## INFORMATION PROVIDED
——

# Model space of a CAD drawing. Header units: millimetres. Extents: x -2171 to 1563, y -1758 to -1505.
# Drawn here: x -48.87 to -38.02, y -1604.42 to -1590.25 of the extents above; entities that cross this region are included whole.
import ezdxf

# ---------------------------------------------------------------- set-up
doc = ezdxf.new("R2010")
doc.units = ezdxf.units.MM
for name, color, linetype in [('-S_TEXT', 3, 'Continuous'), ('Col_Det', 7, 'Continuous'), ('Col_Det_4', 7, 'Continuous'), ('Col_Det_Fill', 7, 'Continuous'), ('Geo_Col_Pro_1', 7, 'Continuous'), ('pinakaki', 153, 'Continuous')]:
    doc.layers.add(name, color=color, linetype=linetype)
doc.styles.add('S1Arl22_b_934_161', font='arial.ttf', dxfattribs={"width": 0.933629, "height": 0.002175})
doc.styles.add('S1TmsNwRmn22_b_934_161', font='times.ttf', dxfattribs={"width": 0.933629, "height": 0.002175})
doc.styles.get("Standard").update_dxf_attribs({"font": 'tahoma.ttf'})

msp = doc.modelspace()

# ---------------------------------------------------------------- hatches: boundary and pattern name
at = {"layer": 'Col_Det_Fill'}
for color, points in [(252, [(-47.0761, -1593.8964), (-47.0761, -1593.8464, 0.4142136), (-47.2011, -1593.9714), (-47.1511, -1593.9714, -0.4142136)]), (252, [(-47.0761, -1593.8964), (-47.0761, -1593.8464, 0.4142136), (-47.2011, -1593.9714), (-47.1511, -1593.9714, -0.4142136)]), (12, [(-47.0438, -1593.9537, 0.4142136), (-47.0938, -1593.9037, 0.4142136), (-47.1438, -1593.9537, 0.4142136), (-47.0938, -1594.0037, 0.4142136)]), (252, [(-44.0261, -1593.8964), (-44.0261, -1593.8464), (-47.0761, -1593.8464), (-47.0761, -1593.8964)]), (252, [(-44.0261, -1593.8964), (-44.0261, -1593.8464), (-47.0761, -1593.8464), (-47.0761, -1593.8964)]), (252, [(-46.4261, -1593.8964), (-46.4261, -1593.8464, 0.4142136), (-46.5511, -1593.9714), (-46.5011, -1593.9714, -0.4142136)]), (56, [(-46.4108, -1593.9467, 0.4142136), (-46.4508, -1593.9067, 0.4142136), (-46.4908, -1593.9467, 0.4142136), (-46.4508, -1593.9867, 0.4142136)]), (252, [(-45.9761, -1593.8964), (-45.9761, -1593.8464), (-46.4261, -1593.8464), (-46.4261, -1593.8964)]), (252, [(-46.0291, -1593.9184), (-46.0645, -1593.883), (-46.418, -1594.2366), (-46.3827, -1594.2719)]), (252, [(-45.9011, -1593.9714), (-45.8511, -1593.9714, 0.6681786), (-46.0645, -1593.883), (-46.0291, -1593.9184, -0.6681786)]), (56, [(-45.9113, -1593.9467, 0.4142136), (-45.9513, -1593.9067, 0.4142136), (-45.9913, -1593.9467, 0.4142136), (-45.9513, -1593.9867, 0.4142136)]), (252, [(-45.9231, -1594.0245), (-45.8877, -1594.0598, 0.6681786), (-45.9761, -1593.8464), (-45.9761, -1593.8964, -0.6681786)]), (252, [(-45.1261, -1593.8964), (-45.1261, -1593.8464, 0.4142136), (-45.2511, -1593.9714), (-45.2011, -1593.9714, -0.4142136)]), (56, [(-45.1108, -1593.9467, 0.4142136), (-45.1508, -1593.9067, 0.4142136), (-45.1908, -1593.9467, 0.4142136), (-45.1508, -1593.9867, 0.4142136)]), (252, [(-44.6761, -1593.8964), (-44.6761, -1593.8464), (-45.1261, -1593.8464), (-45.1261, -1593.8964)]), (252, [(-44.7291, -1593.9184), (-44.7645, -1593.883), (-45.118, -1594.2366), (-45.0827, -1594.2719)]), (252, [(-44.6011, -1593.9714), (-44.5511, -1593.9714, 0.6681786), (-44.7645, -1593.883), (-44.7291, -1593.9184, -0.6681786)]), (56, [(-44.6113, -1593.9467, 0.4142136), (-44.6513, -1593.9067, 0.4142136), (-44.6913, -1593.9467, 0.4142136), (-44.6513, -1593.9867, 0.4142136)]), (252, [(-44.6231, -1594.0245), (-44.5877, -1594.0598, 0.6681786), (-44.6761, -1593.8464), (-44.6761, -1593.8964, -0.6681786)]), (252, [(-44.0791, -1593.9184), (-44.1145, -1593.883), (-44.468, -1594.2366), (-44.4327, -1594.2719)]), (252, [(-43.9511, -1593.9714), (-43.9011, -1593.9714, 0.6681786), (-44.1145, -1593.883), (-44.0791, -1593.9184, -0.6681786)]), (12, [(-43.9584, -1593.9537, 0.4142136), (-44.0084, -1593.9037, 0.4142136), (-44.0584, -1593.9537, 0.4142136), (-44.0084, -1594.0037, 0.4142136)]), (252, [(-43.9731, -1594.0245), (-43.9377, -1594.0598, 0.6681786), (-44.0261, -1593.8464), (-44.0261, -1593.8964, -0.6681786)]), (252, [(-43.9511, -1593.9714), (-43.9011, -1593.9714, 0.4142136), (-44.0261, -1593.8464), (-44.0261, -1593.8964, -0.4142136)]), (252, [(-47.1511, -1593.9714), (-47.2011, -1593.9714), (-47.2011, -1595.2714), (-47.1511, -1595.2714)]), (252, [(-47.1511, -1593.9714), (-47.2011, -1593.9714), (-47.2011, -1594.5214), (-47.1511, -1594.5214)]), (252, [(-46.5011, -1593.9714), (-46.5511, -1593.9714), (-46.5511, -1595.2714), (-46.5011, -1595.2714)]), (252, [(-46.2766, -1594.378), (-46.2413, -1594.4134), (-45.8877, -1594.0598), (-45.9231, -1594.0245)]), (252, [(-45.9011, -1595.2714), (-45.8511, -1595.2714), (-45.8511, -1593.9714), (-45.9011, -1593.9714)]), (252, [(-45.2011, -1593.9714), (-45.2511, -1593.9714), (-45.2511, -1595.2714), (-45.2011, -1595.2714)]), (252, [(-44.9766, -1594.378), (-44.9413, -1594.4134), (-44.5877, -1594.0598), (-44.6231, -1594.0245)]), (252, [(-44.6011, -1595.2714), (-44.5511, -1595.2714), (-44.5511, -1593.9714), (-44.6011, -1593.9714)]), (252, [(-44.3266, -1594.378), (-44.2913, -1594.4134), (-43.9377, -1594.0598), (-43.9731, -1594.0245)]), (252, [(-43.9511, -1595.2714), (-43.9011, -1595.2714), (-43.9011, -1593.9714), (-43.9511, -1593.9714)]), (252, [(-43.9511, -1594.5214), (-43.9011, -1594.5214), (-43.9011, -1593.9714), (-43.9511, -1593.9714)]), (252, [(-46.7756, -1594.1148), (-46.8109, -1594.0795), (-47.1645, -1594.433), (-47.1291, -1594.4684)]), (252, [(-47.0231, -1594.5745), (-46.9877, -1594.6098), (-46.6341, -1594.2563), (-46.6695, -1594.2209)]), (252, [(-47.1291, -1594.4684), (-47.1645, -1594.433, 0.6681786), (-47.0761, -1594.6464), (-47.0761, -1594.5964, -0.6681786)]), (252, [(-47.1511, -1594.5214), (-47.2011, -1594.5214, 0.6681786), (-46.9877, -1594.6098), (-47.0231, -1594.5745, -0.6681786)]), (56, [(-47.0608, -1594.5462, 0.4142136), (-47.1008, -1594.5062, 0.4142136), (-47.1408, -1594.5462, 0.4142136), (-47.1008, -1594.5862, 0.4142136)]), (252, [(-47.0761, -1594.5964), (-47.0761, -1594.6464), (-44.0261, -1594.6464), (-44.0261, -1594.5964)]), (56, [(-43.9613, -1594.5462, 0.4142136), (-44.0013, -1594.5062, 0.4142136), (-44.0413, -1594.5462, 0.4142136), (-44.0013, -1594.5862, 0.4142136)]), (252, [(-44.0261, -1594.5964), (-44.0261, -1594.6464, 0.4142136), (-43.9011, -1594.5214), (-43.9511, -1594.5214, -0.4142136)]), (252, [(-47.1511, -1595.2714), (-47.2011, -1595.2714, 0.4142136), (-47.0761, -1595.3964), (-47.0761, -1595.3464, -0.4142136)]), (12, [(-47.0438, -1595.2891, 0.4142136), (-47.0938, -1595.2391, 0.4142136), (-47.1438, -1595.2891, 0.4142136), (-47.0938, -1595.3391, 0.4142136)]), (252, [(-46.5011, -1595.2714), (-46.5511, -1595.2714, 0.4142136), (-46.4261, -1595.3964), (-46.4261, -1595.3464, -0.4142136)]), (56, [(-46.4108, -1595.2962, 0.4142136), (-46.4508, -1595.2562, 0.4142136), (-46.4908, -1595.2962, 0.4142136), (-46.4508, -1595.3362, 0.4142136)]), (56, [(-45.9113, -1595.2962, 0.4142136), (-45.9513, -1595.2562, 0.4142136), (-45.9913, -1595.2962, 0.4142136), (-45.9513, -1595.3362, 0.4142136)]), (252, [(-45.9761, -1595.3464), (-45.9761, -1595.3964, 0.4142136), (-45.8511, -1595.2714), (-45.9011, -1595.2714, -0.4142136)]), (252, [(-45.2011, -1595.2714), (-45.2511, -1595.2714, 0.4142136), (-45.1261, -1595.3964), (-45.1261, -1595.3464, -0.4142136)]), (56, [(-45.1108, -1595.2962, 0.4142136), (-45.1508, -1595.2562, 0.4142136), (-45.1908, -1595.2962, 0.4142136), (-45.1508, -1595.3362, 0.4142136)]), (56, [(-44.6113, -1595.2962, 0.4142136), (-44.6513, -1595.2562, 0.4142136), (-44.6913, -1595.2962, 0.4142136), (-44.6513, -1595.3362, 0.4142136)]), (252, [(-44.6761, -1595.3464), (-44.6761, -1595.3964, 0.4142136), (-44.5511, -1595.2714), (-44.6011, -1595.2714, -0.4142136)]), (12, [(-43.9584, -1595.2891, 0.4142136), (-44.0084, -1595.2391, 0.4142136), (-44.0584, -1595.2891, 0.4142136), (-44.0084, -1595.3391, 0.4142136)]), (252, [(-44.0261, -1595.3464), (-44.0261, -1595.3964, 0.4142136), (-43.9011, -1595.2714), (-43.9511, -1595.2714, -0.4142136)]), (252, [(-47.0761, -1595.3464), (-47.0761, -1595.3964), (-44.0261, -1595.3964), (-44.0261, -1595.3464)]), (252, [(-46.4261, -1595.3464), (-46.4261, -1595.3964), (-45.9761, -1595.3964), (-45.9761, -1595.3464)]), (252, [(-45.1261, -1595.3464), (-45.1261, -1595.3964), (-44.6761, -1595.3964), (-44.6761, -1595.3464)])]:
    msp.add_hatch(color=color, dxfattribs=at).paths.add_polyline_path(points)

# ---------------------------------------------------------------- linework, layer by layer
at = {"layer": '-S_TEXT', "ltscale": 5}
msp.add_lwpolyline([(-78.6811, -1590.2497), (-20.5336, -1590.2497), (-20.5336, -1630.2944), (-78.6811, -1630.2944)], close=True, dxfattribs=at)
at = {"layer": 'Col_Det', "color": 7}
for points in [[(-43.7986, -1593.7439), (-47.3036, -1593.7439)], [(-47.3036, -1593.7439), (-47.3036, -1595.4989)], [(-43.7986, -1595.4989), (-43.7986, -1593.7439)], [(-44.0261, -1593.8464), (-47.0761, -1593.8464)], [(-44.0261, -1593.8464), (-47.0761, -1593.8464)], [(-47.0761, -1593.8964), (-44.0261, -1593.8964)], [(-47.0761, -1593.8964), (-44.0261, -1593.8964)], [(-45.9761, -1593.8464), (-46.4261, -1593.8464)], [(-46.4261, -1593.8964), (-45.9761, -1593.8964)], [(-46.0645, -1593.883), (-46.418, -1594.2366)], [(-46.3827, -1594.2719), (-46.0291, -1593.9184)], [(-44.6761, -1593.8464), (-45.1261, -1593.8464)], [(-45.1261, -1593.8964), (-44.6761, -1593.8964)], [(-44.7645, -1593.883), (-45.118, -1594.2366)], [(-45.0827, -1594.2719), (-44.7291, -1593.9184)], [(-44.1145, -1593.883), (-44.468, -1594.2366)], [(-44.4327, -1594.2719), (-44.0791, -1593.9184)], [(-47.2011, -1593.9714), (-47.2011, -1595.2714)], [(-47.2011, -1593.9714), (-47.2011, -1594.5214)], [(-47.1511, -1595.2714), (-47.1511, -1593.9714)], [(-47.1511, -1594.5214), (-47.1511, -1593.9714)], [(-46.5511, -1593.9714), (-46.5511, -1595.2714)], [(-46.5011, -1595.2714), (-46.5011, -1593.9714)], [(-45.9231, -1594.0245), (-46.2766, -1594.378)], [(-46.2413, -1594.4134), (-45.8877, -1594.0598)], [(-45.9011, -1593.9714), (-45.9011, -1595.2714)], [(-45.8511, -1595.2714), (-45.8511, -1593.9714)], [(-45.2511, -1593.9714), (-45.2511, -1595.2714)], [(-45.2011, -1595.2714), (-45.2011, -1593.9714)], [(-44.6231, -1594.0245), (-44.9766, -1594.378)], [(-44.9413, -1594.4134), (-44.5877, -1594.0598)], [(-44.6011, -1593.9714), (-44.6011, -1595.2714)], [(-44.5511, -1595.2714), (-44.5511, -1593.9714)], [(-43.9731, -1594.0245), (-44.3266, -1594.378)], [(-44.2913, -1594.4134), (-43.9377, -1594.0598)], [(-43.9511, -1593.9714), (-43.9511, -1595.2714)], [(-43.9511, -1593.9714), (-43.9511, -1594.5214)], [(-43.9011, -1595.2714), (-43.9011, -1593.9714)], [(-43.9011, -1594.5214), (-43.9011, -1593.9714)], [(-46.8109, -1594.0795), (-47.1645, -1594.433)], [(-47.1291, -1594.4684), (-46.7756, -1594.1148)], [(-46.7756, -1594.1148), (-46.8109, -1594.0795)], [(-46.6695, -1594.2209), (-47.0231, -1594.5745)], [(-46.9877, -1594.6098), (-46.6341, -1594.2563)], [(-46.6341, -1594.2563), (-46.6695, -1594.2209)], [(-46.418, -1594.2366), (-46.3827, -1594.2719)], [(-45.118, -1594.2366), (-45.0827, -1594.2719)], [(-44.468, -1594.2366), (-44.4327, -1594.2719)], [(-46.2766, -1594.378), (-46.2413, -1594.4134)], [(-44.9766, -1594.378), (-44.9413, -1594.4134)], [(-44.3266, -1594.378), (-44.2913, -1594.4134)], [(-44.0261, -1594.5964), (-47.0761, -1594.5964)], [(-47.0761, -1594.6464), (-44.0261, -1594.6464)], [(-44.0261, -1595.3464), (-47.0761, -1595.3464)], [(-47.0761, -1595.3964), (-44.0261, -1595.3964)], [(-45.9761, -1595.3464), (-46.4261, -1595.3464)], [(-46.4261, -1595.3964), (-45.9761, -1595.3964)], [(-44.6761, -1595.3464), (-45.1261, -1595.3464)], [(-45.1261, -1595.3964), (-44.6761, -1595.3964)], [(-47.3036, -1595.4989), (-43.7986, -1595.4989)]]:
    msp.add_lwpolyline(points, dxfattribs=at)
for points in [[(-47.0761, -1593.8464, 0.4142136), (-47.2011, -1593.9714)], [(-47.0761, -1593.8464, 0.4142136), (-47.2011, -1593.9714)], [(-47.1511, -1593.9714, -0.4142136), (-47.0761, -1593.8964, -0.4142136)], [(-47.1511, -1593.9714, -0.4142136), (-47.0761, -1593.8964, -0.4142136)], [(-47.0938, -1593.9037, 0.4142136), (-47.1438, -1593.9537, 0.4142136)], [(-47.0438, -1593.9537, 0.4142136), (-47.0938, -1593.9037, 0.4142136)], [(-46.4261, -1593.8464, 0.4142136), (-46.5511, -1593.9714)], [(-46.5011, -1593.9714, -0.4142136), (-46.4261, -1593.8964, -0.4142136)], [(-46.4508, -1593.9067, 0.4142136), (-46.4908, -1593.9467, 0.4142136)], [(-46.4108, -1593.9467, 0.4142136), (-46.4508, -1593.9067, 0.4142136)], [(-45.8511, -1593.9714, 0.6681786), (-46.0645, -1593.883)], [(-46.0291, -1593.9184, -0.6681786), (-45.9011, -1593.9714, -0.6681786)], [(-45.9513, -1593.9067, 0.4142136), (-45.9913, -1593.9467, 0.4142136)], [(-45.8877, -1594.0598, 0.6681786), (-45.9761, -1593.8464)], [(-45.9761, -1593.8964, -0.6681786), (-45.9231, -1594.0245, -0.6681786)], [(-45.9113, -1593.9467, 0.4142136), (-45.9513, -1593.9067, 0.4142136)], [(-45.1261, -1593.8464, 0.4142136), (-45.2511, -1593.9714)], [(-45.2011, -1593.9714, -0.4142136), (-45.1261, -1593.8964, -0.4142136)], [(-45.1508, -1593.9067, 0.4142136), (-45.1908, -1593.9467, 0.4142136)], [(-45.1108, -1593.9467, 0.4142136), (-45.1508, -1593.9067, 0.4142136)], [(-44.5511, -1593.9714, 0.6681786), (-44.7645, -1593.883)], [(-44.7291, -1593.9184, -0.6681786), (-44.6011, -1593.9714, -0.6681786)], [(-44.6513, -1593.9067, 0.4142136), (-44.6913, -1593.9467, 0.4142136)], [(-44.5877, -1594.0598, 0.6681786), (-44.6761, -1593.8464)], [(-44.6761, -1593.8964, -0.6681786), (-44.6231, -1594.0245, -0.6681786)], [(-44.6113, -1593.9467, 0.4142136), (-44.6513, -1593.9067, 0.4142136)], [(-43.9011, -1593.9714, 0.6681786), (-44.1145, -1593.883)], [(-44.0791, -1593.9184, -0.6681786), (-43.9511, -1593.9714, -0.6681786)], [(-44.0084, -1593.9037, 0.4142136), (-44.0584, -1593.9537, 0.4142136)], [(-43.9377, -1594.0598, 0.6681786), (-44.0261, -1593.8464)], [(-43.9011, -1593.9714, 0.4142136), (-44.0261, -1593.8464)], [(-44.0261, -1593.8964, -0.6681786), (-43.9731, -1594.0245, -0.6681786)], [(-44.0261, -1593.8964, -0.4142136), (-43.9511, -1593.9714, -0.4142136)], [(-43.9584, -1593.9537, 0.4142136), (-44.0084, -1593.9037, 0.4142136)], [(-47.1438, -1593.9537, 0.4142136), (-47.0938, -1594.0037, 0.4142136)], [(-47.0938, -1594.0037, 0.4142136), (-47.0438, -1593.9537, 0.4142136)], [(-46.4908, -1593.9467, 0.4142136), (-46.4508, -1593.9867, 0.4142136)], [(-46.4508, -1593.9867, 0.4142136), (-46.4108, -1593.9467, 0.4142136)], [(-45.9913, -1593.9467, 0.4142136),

——

## TASK OBJECTIVE
Only the lines from the beginning of the entries through the line bearing "doc.units = ezdxf.units.MM" should be returned, each exactly as written.

## SOLUTION TO THE PROBLEM
# Model space of a CAD drawing. Header units: millimetres. Extents: x -2171 to 1563, y -1758 to -1505.
# Drawn here: x -48.87 to -38.02, y -1604.42 to -1590.25 of the extents above; entities that cross this region are included whole.
import ezdxf

# ---------------------------------------------------------------- set-up
doc = ezdxf.new("R2010")
doc.units = ezdxf.units.MM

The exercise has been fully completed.